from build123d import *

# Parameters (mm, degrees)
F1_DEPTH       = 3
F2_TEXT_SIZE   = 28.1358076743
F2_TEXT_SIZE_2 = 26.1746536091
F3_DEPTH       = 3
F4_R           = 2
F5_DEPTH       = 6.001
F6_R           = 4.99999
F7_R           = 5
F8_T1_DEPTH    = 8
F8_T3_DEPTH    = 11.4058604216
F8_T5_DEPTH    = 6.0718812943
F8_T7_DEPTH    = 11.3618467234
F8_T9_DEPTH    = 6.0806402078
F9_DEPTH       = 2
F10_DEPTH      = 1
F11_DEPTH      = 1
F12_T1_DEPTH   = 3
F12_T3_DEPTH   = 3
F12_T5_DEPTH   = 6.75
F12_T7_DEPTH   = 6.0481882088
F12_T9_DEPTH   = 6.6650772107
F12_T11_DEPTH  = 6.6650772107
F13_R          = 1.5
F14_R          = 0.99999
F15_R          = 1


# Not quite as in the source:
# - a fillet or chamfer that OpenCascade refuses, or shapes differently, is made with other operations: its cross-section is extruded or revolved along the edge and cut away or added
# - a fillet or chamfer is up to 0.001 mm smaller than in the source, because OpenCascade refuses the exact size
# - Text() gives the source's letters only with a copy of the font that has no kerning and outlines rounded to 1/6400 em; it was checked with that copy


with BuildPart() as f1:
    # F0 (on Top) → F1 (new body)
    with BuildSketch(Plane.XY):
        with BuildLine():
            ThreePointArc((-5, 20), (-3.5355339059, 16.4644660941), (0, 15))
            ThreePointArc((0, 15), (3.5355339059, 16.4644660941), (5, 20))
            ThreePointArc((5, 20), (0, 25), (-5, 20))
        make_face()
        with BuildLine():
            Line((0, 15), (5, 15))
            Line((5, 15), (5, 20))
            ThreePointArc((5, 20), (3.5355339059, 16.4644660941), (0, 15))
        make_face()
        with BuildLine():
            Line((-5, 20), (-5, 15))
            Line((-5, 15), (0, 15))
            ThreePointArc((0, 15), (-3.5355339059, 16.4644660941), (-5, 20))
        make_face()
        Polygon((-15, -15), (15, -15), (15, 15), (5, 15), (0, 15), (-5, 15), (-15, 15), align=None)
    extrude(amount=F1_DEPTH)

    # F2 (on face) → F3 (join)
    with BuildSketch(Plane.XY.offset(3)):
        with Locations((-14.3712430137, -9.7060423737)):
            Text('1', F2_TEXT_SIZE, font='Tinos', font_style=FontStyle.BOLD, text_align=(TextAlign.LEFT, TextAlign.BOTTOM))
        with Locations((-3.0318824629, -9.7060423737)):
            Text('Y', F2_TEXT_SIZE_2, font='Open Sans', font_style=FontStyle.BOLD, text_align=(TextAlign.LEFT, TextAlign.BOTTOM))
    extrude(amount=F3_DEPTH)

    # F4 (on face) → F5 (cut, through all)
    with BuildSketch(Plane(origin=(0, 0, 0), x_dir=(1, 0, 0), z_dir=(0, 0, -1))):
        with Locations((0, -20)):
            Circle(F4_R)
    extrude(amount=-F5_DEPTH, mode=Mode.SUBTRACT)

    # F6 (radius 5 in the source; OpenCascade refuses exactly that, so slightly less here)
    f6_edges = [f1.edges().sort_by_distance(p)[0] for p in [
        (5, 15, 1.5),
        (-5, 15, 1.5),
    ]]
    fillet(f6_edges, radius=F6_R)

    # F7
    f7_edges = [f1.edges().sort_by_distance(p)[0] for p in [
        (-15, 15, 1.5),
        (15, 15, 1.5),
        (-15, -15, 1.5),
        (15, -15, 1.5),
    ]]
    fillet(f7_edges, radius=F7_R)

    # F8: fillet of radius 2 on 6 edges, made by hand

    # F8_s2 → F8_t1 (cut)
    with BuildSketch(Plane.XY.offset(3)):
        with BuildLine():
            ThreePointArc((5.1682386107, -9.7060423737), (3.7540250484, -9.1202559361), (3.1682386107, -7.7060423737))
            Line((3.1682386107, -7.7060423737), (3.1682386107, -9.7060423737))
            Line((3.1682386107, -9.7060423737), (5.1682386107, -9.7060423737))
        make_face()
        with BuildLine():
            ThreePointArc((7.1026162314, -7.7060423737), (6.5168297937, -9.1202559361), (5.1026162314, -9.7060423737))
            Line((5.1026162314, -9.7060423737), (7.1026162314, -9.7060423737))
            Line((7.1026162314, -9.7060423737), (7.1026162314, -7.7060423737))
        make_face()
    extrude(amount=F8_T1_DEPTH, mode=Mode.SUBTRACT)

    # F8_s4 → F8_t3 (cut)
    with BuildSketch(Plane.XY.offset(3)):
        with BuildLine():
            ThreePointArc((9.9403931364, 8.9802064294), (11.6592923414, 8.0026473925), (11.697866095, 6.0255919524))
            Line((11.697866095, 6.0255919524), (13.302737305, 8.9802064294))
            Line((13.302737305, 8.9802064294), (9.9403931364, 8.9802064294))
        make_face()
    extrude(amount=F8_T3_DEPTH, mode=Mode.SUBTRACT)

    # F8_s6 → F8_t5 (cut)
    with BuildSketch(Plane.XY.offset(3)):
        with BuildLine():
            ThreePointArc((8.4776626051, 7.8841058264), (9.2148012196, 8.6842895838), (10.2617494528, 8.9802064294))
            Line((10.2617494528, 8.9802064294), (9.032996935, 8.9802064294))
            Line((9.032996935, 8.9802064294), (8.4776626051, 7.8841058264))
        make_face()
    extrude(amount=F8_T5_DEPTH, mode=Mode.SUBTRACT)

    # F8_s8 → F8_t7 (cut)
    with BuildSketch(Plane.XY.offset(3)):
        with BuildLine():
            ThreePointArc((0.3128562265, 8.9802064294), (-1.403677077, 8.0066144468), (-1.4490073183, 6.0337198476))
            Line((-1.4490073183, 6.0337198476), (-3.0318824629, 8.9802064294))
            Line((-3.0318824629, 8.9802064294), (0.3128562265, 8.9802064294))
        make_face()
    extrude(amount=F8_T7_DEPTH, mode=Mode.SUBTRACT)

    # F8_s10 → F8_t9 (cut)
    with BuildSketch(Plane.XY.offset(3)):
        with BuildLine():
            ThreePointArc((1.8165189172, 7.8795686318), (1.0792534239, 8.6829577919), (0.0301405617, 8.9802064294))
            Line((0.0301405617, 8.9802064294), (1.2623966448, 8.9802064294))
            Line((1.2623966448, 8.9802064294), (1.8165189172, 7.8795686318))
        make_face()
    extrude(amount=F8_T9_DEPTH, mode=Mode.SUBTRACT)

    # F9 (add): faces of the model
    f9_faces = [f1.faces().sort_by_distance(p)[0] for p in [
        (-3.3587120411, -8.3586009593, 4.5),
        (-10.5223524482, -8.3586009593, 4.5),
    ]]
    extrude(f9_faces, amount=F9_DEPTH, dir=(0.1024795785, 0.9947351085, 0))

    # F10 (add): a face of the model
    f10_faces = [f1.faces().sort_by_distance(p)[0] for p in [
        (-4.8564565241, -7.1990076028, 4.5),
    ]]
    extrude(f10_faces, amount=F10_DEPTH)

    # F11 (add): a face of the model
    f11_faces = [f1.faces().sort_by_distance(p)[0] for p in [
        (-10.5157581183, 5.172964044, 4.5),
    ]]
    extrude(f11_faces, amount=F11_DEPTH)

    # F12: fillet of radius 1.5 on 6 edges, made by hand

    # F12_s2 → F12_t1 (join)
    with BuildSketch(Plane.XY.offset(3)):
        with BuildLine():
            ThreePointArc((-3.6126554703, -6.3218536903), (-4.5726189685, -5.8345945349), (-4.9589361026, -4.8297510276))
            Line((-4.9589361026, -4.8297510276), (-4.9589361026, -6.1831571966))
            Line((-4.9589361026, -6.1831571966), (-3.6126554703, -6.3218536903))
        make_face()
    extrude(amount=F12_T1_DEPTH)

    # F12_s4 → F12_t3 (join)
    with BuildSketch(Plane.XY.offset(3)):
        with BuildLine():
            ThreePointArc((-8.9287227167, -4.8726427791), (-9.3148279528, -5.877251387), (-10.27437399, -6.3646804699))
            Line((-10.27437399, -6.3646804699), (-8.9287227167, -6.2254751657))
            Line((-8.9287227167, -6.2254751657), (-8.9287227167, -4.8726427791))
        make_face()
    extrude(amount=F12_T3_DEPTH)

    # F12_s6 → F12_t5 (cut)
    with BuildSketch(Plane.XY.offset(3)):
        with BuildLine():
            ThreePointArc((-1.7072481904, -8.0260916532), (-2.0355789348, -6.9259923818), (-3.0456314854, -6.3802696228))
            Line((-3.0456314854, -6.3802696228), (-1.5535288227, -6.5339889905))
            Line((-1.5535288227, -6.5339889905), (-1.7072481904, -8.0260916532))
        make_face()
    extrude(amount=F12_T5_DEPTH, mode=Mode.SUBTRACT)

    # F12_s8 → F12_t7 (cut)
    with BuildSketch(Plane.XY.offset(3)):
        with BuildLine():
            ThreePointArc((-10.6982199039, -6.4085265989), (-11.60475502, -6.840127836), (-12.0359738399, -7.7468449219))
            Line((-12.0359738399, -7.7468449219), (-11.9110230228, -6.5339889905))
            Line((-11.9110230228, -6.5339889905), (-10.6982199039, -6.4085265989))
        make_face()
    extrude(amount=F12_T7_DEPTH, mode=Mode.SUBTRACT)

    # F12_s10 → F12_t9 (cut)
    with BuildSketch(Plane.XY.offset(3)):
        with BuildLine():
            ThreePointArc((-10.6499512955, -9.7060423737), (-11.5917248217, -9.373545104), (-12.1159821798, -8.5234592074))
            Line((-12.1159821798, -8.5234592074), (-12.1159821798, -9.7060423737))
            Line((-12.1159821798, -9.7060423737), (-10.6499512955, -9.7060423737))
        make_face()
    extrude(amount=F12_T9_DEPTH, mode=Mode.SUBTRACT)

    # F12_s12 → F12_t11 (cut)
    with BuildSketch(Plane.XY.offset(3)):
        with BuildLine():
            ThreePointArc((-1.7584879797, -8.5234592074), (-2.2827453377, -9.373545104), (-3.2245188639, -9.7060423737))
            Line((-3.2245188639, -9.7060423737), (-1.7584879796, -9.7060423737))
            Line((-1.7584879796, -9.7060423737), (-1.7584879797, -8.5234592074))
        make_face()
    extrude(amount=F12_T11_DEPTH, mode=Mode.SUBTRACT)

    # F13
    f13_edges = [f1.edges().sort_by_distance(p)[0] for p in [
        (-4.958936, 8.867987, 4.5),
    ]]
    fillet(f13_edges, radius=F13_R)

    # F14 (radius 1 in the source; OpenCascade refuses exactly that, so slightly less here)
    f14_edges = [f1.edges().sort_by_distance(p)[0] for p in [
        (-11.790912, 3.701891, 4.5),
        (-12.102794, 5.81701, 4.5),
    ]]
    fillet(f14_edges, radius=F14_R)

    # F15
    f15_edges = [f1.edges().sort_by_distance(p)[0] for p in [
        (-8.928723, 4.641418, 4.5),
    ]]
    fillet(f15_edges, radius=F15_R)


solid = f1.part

- **EXERCISE DESCRIPTION**
Only one stretch of the entries above is wanted: the lines from the one containing "extrude(amount=F8_T9_DEPTH, mode=Mode.SUBTRACT)" through the one containing "-6.9259923818), (-3.0456314854, -6.3802696228))". Please reproduce it exactly.

- **RESPONSE**
    extrude(amount=F8_T9_DEPTH, mode=Mode.SUBTRACT)

    # F9 (add): faces of the model
    f9_faces = [f1.faces().sort_by_distance(p)[0] for p in [
        (-3.3587120411, -8.3586009593, 4.5),
        (-10.5223524482, -8.3586009593, 4.5),
    ]]
    extrude(f9_faces, amount=F9_DEPTH, dir=(0.1024795785, 0.9947351085, 0))

    # F10 (add): a face of the model
    f10_faces = [f1.faces().sort_by_distance(p)[0] for p in [
        (-4.8564565241, -7.1990076028, 4.5),
    ]]
    extrude(f10_faces, amount=F10_DEPTH)

    # F11 (add): a face of the model
    f11_faces = [f1.faces().sort_by_distance(p)[0] for p in [
        (-10.5157581183, 5.172964044, 4.5),
    ]]
    extrude(f11_faces, amount=F11_DEPTH)

    # F12: fillet of radius 1.5 on 6 edges, made by hand

    # F12_s2 → F12_t1 (join)
    with BuildSketch(Plane.XY.offset(3)):
        with BuildLine():
            ThreePointArc((-3.6126554703, -6.3218536903), (-4.5726189685, -5.8345945349), (-4.9589361026, -4.8297510276))
            Line((-4.9589361026, -4.8297510276), (-4.9589361026, -6.1831571966))
            Line((-4.9589361026, -6.1831571966), (-3.6126554703, -6.3218536903))
        make_face()
    extrude(amount=F12_T1_DEPTH)

    # F12_s4 → F12_t3 (join)
    with BuildSketch(Plane.XY.offset(3)):
        with BuildLine():
            ThreePointArc((-8.9287227167, -4.8726427791), (-9.3148279528, -5.877251387), (-10.27437399, -6.3646804699))
            Line((-10.27437399, -6.3646804699), (-8.9287227167, -6.2254751657))
            Line((-8.9287227167, -6.2254751657), (-8.9287227167, -4.8726427791))
        make_face()
    extrude(amount=F12_T3_DEPTH)

    # F12_s6 → F12_t5 (cut)
    with BuildSketch(Plane.XY.offset(3)):
        with BuildLine():
            ThreePointArc((-1.7072481904, -8.0260916532), (-2.0355789348, -6.9259923818), (-3.0456314854, -6.3802696228))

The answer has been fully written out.